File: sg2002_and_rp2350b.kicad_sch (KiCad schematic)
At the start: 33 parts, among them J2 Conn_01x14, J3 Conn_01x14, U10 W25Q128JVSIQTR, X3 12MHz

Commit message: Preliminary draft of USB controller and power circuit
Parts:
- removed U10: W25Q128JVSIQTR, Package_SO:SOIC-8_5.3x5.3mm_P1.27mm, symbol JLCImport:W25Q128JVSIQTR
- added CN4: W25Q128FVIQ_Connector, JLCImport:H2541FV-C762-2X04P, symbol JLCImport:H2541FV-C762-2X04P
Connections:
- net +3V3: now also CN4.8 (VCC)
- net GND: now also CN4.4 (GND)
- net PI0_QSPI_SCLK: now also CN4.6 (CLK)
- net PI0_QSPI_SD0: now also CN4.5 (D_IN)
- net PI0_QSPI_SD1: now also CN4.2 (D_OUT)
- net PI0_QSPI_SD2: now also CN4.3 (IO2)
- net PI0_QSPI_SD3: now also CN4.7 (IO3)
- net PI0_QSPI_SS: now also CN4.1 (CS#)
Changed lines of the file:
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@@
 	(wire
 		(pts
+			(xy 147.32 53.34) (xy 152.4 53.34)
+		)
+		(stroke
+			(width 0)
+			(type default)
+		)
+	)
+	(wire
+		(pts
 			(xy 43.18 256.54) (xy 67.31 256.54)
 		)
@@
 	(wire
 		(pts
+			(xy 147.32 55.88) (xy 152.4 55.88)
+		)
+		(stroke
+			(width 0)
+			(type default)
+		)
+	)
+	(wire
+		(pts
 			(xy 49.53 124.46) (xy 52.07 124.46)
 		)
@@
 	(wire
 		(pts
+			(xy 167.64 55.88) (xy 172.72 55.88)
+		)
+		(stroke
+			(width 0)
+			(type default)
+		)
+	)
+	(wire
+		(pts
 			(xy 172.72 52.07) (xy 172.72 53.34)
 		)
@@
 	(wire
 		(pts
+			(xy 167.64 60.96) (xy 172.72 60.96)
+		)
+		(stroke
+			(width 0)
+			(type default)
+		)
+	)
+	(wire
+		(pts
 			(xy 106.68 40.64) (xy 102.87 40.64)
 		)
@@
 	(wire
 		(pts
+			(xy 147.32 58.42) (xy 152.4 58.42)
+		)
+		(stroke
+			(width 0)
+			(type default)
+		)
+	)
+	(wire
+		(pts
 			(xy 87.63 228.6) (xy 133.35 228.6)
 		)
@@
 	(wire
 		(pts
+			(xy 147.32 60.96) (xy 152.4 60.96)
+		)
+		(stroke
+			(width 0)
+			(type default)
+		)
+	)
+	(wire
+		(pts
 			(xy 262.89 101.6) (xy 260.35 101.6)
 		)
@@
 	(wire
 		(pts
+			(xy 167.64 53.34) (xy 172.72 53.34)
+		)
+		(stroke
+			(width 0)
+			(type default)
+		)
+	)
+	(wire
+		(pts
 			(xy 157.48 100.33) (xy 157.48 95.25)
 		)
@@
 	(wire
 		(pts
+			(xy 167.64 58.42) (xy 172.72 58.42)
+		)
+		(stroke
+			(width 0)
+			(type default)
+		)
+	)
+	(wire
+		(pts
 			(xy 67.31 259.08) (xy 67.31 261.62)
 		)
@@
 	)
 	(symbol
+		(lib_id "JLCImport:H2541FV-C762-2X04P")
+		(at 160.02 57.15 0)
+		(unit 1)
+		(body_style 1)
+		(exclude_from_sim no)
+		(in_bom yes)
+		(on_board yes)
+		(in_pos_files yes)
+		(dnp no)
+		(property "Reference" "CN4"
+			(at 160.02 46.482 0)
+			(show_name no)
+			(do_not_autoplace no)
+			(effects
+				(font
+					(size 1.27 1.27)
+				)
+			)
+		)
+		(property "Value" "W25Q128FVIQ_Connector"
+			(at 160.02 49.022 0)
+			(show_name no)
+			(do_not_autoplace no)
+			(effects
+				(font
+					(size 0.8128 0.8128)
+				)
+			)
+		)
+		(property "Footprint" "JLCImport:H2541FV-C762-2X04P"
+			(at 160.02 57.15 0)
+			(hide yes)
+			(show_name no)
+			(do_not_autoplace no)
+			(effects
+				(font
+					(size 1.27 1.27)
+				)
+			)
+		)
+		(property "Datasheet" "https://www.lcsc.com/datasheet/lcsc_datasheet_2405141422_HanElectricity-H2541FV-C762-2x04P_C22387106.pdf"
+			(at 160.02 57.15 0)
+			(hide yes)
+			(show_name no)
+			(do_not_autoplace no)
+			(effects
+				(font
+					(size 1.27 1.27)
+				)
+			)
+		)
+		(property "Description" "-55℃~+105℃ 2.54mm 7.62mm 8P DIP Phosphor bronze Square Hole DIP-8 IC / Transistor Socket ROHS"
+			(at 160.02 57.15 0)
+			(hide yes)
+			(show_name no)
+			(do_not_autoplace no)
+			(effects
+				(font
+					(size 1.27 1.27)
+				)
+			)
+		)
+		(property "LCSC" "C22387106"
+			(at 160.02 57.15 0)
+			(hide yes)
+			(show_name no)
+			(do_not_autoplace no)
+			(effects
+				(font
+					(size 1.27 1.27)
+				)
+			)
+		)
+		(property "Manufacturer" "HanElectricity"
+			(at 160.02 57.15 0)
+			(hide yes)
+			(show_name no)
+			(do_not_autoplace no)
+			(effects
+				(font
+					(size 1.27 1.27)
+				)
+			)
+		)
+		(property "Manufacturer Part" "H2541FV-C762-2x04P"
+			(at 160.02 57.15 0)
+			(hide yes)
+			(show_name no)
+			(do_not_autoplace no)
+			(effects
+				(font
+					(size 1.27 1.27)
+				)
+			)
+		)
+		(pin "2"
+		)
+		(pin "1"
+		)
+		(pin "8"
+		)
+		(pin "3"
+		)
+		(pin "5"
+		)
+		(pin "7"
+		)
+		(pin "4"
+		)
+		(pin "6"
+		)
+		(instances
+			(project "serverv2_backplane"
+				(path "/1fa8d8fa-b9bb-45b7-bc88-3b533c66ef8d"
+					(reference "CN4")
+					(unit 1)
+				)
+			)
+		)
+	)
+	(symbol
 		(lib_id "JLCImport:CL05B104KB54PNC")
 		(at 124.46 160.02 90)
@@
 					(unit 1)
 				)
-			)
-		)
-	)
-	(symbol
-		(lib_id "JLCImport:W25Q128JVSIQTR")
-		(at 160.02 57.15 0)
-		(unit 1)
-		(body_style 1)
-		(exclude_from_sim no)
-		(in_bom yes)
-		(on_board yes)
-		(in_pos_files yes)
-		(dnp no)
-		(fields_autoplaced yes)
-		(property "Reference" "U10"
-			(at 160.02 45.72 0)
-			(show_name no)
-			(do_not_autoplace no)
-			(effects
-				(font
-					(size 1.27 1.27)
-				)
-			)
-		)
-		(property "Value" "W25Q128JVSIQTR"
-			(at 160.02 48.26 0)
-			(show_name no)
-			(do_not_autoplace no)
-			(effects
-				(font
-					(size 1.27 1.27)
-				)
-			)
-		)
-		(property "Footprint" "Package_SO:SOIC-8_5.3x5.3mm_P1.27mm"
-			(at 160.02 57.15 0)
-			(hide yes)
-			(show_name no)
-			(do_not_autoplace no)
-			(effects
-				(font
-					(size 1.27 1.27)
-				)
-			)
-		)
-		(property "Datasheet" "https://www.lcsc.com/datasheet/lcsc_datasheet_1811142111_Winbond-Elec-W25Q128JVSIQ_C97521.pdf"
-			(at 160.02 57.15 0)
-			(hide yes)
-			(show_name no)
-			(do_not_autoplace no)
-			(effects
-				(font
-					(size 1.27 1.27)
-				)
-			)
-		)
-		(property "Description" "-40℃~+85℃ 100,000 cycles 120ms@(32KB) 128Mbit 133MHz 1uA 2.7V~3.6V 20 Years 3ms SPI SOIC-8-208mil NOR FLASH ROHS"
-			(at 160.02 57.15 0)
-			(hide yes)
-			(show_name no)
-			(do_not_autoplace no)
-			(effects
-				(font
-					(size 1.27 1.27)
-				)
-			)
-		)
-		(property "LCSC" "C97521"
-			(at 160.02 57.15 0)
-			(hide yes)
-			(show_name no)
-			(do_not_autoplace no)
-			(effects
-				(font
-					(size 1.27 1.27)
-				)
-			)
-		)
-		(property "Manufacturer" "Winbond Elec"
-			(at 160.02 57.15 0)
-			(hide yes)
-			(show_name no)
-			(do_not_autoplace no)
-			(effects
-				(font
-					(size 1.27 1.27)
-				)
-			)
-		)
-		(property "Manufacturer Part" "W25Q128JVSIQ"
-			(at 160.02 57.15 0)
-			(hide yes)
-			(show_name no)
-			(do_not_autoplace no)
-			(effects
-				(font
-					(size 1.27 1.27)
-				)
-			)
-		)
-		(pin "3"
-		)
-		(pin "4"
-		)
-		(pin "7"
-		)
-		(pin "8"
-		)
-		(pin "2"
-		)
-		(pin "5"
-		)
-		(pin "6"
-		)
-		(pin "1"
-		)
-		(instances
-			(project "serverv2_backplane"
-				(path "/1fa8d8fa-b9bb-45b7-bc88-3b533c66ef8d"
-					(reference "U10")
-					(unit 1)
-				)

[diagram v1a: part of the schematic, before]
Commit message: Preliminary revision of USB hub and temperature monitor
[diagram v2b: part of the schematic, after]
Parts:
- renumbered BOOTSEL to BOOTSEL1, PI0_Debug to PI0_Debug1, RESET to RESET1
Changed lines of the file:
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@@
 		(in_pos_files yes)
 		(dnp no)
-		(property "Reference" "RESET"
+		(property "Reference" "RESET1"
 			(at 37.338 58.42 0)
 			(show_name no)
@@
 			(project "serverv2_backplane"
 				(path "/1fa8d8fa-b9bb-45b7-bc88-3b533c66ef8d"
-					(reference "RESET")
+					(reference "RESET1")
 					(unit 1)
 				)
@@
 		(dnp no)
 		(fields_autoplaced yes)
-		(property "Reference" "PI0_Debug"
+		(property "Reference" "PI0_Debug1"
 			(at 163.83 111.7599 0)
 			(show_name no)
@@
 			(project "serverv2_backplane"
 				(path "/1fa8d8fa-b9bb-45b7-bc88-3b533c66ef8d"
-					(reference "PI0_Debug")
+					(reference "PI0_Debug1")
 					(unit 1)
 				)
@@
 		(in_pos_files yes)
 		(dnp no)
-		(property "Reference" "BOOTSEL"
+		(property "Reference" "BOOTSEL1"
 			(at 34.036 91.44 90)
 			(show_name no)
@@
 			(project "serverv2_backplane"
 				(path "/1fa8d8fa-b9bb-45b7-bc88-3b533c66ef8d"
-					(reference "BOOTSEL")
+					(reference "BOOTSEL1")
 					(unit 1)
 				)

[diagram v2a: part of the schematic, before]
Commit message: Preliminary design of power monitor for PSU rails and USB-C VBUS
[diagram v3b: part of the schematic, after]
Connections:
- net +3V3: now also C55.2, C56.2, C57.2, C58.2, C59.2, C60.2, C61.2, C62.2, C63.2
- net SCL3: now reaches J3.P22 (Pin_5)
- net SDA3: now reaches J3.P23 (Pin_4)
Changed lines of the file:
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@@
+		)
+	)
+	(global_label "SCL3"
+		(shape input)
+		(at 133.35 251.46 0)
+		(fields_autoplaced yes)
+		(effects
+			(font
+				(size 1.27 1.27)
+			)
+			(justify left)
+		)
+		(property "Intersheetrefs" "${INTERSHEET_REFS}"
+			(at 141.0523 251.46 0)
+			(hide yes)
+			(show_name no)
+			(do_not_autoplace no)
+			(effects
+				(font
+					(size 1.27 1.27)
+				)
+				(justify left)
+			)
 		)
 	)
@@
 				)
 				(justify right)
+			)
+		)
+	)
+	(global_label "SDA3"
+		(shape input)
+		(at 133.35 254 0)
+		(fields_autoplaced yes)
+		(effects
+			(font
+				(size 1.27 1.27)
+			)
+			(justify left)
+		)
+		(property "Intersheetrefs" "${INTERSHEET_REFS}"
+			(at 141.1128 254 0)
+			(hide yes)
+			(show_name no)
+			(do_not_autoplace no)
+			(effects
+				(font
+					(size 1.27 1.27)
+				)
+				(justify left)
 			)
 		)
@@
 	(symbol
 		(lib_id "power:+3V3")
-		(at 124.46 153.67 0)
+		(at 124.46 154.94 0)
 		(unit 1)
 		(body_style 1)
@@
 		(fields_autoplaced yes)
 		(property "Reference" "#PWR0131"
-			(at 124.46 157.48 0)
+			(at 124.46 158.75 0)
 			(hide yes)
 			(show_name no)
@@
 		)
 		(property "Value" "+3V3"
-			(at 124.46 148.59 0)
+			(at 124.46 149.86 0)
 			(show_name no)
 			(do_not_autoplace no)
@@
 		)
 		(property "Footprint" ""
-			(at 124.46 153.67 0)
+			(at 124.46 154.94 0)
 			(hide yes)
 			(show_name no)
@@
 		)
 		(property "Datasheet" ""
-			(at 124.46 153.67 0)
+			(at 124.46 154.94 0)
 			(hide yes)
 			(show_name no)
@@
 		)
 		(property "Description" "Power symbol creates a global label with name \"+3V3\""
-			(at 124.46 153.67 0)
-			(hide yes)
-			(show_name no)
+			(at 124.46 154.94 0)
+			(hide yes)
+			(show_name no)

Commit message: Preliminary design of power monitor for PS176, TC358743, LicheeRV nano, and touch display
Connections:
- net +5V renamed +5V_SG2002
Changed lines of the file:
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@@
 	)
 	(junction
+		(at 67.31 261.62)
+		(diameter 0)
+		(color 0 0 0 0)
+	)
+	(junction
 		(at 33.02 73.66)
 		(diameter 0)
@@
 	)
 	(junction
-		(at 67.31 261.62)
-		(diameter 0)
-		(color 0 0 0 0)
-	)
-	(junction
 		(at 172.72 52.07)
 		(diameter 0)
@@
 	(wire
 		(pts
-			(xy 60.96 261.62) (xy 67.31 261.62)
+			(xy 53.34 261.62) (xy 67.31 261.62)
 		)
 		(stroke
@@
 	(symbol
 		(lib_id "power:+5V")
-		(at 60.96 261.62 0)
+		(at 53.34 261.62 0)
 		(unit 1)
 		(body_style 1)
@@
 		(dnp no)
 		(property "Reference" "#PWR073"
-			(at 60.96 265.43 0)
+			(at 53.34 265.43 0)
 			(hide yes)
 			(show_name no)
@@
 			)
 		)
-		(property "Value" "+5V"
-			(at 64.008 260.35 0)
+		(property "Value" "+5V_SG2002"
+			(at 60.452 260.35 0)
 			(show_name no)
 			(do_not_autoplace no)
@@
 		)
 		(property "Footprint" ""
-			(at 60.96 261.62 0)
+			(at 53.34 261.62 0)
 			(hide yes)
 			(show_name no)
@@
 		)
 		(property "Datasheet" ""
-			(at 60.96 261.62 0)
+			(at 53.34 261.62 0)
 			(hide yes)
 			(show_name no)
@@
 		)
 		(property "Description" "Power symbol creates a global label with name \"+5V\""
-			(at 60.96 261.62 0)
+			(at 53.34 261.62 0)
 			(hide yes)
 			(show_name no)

-.-.-

### Task to carry out
Write out exactly, please, the lines beginning at the start of the material and ending with the line that holds "W25Q128JVSIQTR, Package_SO:SOIC-8_5.3x5.3mm_P1.27mm, symbol", both included.

### Exercise solution
File: sg2002_and_rp2350b.kicad_sch (KiCad schematic)
At the start: 33 parts, among them J2 Conn_01x14, J3 Conn_01x14, U10 W25Q128JVSIQTR, X3 12MHz

Commit message: Preliminary draft of USB controller and power circuit
Parts:
- removed U10: W25Q128JVSIQTR, Package_SO:SOIC-8_5.3x5.3mm_P1.27mm, symbol JLCImport:W25Q128JVSIQTR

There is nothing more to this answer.